SAINT JOHN, N.B. — Tiff Macklem says he understands the pain Canadians are going through.
The Bank of Canada governor told a business audience in Saint John last week that he knows high inflation has been hard on people, and that the higher interest rates he and his organization have imposed are bitter medicine. And yet, he says it's much too early to slash the policy interest rate, despite data released the day before that showed the rising cost of living had cooled in October.
Nor will Macklem slag the Trudeau Liberal government in Ottawa for big spending, which arguably has contributed to the highest inflation in generations, saying it's important for his office to remain politically neutral.
His speech on Wednesday at a business luncheon put on by the Saint John Region Chamber of Commerce at the Delta Hotel was a plea for patience and a defence of what the governor called the bank's forceful strategy.
"High inflation has made life hard," Macklem said, citing the bank's most recent consumer survey that showed nine out 10 people are unhappy with the situation, along with letters and emails from upset Canadians. "I hear the worry, the frustration, even the desperation in these letters. I also hear from businesses that are being squeezed by higher costs and from workers who need higher wages to keep up with the rising cost of living."
The bank's rate now stands at five per cent, a 22-year high. It's risen remarkably from just 0.25 per cent less than two years ago, pushing borrowing costs way up for everything from a house to a vehicle.
Canadian inflation has come down from its peak of 8.1 per cent, and the latest report on Tuesday showed it at 3.1 per cent year over year, down from 3.8 per cent in September. The situation was even better in New Brunswick, with inflation at 2.8 per cent. But during a question and answer session with the audience and speaking at a press conference afterwards, Macklem warned that one or two months of lower prices doesn't make for a trend. He said he'd like to see inflation consistently within the target range of between one and three per cent before cutting the rate.
He also recounted growing up as a teenager in the 1970s, when inflation became entrenched and he had the impression everyone was angry. Policy-makers at the time tried price and wage controls and slowing the growth of the money supply. None of it worked. He said Ottawa and the central bank weren't willing to stay the course by restraining government spending and tightening monetary policy enough.
"If high inflation persists, we are prepared to raise our policy rate further."
Only historically high interest rates and a deep recession broke the vicious cycle, with the policy rate hitting 21 per cent in 1981 and mortgage rates going through the roof.

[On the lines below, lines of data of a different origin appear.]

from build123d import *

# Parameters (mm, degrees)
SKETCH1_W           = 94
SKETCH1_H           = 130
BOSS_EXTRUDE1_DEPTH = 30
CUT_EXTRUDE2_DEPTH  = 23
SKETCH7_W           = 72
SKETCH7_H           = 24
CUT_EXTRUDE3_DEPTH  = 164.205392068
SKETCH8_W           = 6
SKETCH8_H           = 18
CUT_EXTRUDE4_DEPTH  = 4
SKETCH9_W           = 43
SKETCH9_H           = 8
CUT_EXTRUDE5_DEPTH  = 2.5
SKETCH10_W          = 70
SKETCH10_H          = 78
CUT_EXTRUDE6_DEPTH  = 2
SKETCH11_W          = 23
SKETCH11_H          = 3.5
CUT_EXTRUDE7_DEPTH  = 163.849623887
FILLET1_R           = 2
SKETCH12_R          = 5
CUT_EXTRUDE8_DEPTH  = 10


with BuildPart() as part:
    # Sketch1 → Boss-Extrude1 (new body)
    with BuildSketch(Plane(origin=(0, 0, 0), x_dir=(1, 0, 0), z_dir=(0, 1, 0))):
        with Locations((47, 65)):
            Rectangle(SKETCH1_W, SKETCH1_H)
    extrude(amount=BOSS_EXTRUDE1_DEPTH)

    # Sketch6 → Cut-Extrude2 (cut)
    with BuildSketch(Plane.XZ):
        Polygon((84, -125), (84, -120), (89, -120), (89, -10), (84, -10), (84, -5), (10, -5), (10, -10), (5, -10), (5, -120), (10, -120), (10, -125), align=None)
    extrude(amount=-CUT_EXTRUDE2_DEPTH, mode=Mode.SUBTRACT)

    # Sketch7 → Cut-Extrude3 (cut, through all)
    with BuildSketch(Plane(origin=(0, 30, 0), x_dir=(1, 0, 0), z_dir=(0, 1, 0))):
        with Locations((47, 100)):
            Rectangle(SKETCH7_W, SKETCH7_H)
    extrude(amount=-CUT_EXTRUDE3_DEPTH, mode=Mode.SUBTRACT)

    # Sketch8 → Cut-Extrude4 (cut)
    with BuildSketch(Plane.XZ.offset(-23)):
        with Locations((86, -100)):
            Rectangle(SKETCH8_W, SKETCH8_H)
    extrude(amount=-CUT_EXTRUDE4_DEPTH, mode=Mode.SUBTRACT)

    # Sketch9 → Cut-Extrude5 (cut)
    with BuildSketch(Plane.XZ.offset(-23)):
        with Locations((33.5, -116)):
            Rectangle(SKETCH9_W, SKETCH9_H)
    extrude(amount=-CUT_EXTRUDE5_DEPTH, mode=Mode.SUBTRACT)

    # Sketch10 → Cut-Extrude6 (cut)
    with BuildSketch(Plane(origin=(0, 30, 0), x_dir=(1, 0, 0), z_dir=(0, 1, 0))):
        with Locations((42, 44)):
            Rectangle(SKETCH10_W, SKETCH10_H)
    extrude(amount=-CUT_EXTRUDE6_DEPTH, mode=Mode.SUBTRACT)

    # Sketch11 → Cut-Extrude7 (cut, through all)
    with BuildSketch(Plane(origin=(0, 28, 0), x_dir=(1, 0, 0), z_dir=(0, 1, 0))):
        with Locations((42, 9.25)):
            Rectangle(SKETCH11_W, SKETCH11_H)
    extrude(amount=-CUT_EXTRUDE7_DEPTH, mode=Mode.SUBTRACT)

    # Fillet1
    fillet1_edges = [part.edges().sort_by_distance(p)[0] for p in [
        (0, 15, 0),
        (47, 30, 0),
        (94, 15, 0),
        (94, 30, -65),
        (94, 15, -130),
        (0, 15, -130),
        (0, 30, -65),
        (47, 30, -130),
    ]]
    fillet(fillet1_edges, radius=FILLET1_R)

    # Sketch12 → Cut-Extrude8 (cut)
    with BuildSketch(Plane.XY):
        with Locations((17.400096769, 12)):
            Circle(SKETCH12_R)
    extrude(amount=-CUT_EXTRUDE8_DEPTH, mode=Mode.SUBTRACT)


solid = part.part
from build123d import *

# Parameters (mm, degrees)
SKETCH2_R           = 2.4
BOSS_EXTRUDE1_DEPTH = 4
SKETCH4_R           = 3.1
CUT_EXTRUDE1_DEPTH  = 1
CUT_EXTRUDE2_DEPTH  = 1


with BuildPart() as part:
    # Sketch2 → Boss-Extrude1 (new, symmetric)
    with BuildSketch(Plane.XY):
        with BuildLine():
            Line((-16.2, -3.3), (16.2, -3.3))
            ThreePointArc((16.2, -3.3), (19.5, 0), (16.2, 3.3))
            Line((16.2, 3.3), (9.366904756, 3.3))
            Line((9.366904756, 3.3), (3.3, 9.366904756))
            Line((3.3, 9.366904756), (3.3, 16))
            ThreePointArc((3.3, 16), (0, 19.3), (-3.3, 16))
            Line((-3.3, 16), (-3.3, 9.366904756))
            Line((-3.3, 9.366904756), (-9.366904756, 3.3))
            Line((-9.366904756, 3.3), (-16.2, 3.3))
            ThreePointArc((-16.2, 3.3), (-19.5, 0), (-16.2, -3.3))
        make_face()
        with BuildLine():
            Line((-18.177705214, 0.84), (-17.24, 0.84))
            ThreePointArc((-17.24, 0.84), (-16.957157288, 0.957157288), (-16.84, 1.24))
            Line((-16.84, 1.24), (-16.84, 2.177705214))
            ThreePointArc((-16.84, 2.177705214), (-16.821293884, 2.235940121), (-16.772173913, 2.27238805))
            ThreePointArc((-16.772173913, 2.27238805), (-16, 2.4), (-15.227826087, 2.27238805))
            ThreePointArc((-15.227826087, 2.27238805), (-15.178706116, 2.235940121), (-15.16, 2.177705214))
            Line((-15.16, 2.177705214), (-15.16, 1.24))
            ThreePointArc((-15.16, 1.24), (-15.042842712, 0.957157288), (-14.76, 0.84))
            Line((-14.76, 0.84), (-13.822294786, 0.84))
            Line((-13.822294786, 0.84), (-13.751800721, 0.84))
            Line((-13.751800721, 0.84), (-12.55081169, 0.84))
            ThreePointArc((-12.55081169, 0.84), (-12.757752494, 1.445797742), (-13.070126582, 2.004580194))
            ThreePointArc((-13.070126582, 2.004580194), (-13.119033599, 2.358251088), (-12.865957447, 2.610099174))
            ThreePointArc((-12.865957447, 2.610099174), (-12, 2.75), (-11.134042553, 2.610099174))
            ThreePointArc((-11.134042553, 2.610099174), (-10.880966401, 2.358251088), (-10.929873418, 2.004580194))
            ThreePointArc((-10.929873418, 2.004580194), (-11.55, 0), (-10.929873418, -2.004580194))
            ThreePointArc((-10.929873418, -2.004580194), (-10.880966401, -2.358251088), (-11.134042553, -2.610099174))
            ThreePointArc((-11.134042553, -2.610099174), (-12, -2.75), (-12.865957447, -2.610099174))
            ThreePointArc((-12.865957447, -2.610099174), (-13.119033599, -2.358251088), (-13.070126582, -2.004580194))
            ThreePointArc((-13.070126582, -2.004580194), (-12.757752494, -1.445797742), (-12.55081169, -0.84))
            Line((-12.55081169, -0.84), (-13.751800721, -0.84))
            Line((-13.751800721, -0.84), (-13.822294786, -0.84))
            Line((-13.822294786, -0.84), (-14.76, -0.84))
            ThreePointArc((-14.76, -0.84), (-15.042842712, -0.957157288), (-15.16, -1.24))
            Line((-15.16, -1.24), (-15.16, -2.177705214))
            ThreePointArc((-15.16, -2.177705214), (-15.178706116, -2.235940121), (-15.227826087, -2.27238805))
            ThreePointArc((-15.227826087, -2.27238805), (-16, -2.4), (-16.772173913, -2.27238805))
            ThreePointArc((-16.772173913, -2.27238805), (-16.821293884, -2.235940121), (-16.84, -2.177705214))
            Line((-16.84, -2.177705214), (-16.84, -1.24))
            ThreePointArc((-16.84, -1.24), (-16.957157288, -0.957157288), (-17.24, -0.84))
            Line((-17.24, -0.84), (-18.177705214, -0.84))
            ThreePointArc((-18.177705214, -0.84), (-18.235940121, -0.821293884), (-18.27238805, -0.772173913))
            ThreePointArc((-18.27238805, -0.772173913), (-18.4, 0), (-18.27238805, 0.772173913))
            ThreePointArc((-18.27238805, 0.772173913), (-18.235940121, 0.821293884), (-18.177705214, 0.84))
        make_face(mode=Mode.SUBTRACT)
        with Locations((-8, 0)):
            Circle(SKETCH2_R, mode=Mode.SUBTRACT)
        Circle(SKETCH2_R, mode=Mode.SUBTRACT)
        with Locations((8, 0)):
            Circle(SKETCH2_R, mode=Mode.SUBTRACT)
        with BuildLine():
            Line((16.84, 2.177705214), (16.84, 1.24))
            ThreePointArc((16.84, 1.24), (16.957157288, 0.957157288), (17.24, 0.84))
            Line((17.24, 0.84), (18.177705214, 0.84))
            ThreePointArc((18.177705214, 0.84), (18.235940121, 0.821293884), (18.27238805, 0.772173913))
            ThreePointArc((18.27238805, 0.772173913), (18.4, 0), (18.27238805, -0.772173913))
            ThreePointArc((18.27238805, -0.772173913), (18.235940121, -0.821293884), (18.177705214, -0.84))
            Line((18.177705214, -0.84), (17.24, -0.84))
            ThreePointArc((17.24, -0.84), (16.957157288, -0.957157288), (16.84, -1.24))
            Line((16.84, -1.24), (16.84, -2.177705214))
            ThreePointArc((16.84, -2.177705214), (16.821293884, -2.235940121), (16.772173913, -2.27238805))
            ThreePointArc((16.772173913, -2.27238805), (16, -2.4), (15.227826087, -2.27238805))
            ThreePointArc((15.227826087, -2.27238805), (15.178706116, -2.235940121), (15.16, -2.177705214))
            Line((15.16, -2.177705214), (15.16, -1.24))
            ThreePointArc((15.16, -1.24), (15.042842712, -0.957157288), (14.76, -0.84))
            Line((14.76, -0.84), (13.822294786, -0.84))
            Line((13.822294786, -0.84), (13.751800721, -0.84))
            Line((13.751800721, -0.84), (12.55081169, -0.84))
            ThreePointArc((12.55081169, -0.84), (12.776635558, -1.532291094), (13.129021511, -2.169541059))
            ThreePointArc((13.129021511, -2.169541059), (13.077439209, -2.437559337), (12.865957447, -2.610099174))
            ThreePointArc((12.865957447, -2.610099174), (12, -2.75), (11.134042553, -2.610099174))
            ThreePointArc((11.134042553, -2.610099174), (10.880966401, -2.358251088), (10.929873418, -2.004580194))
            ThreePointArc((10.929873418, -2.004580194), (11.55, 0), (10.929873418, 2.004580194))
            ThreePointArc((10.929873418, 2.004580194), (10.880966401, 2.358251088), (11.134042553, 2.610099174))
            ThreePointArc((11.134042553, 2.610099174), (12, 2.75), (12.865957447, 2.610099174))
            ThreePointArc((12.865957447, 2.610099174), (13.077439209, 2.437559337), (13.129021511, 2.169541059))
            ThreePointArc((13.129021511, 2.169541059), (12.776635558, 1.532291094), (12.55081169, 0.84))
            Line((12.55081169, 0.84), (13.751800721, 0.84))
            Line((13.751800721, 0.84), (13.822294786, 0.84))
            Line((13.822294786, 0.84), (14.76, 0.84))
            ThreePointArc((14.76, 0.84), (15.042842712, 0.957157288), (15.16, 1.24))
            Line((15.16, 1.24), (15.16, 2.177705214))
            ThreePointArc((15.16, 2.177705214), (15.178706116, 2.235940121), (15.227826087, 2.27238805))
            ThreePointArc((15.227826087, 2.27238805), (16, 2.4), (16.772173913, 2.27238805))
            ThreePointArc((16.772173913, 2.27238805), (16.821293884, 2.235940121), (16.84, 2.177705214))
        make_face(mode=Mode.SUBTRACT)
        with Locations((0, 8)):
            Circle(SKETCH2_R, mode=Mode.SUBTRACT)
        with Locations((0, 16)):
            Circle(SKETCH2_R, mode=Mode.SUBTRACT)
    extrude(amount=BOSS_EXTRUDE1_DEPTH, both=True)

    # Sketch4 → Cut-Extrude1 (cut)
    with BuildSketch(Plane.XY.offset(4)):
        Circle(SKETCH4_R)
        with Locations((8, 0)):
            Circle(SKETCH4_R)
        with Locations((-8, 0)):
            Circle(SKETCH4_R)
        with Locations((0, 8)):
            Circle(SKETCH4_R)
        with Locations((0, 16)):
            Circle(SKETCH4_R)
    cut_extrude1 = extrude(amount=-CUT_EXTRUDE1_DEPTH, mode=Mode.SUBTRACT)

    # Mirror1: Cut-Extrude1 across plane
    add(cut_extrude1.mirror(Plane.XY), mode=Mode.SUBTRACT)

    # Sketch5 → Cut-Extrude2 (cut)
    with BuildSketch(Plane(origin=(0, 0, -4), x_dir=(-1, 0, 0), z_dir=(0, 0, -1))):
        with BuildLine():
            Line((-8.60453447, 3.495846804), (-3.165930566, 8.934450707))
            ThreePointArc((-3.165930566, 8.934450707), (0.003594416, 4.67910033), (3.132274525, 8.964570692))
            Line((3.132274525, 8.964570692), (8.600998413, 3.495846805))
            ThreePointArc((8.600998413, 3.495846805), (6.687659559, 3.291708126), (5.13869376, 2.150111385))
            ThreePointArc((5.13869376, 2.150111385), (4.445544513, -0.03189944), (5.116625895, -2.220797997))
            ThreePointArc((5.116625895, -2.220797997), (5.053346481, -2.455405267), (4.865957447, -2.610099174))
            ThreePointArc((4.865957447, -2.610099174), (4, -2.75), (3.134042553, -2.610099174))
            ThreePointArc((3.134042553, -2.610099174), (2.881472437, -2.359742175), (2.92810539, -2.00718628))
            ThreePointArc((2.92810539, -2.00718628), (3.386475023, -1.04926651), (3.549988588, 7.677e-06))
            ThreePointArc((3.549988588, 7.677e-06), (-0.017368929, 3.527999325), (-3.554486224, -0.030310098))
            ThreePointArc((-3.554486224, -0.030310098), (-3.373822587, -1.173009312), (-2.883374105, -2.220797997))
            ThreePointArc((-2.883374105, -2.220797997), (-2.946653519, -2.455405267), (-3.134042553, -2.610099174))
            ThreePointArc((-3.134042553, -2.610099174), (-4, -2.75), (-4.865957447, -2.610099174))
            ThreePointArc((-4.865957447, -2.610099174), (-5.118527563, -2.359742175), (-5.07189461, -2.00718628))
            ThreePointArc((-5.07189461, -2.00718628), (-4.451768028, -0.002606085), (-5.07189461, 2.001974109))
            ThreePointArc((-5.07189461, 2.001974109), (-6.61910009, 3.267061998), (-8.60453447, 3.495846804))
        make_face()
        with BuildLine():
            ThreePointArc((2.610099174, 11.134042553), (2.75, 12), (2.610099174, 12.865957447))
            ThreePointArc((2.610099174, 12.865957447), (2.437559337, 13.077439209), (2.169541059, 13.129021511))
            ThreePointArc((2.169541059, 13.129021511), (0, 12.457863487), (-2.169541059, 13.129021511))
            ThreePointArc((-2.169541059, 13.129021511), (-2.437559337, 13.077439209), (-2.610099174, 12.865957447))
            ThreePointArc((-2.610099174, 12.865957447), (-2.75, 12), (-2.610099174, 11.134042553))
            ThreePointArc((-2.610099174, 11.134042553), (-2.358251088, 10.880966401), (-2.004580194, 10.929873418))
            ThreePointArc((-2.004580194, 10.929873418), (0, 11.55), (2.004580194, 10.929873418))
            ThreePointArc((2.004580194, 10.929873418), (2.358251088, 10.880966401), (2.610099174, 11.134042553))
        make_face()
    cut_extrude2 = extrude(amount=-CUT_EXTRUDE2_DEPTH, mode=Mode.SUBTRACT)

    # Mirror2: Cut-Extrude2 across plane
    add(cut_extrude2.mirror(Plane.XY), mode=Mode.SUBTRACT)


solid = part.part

By 1982, the unemployment rate hit 13.1 per cent, more than double what it is today.
"This time around we responded forcefully to high inflation from the start and are resolute in our commitment to complete the job," Macklem told the well-dressed crowd who had just eaten a turkey and gravy lunch. "This tightening of monetary policy is working, and interest rates may now be restrictive enough to get us back to price stability. But if high inflation persists, we are prepared to raise our policy rate further."
Macklem was careful choosing his words when Brunswick News asked at the press conference whether Justin Trudeau's Liberal government was repeating the same high spending mistakes his father, Pierre Trudeau, made when he was prime minister in the 1970s. Ottawa's latest economic update, released Tuesday, projects a deficit of $40 billion.
"I'm not going to comment on the specific fiscal measures, a running commentary on federal and provincial economic updates. I don't think that's helpful for the Bank of Canada's independence. It's not really our job and there's a lot of people who can comment on fiscal policy."
However, Macklem said the fall fiscal update showed that the scales had changed little since the spring budget.
"The fall economic statement suggests that the government is not adding new or additional inflationary pressures over the next couple of years, which is the critical period over which we will be looking to reduce inflation and get it back to target."